I had one in the shop earlier this year dealing me the same fits. Remove the outer water covers on the heads and check the cooling passages. This one had mud and crud buildup that blocked the water flow and triggered the sensor. Those sensors trigger around 172 degrees, give or take a few degrees.


----------



## amarcafina (Aug 24, 2008)

May be the sensor , It don't sound like the motor is hot at all !


----------



## TheCaptKen (Mar 14, 2011)

If his IR Thermometer is hitting 180, its getting hot enough to trigger the sensor


----------



## The Mantenance Shoppe (Oct 4, 2007)

Remove the thermostats and run the engine on the hose with the thermostats removed and the thermostat covers reinstalled. If the engine then runs cold then you will know it is the thermostats. It is common to see the coolant passages on the heads packed with salt and corrosion severely restricting water flow. If you run the motor in a test tank and not on water ears you can remove the thermostat covers to see how well the water is flowing at idle.
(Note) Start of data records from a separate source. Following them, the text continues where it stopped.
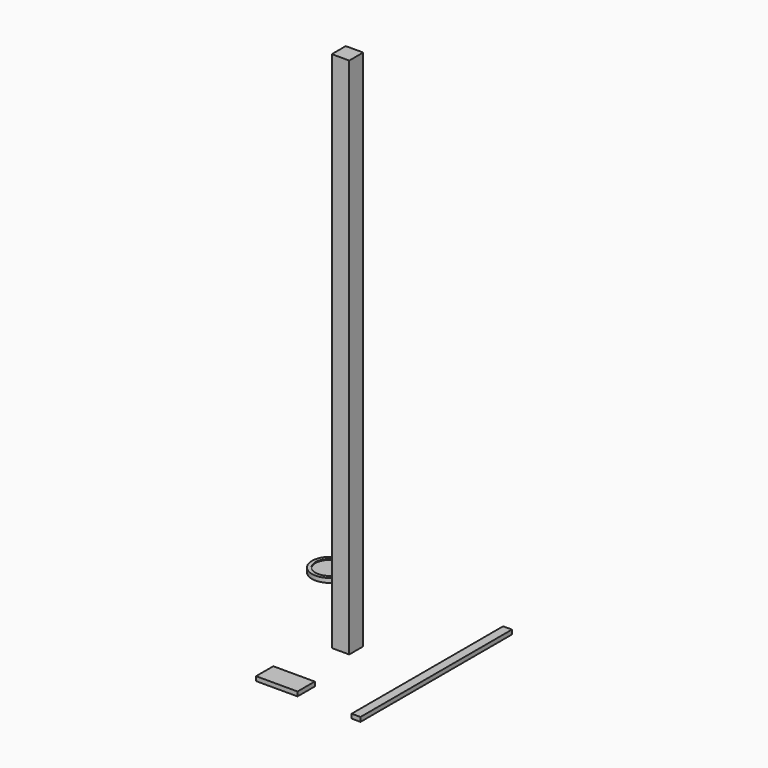
from build123d import *

# Parameters (mm, degrees)
F2_W     = 10.16
F2_H     = 10.16
F3_DEPTH = 304.8
F4_W     = 24.1876728833
F4_H     = 12.5502068549
F5_DEPTH = 2.54
F6_W     = 5.1632523537
F6_H     = 110.3644967079
F7_DEPTH = 2.54
F8_R     = 10.4253047929
F9_DEPTH = 2.54
F11_T    = -2.032


# Not quite as in the source:
# - a feature of the source that left no trace in its solid (it failed there, or was rolled back) is left out


with BuildPart() as f3:
    # F2 (on face) → F3 (new body)
    with BuildSketch(Plane.XY.offset(0.010535121)):
        with Locations((27.4280595768, 76.1781896186)):
            Rectangle(F2_W, F2_H)
    extrude(amount=F3_DEPTH)


with BuildPart() as f5:
    # F4 (on Top) → F5 (new body)
    with BuildSketch(Plane.XY):
        with Locations((27.8465393931, 30.4067051038)):
            Rectangle(F4_W, F4_H)
    extrude(amount=F5_DEPTH)


with BuildPart() as f7:
    # F6 (on Top) → F7 (new body)
    with BuildSketch(Plane.XY):
        with Locations((75.4299908876, 77.6021033525)):
            Rectangle(F6_W, F6_H)
    extrude(amount=F7_DEPTH)


with BuildPart() as f9:
    # F8 (on Top) → F9 (new body)
    with BuildSketch(Plane.XY):
        with Locations((-24.9763578176, 128.8325786591)):
            Circle(F8_R)
    extrude(amount=F9_DEPTH)

    # F11
    f11_openings = [f9.faces().sort_by_distance(p)[0] for p in [
        (-24.976358, 128.832579, 2.54),
    ]]
    offset(amount=F11_T, openings=f11_openings)


solid = Compound([f3.part, f5.part, f7.part, f9.part])

Clogged coolant passages from corrosion and pieces of past broken impellers is a common problem.


----------



## Crayfishtom (Oct 31, 2008)

TheCaptKen said:


> I had one in the shop earlier this year dealing me the same fits. Remove the outer water covers on the heads and check the cooling passages. This one had mud and crud buildup that blocked the water flow and triggered the sensor. Those sensors trigger around 172 degrees, give or take a few degrees.


Did that and it was indeed the problem, works great now . Thanks ever so much to all for the replies.


----------



## Kenton (Nov 16, 2007)

Wirelessly posted (Matt)

Can you take a pic of these covers. Noticed mine is running a little warm and has not had this done. I would like to do it myself. Thanks.


----------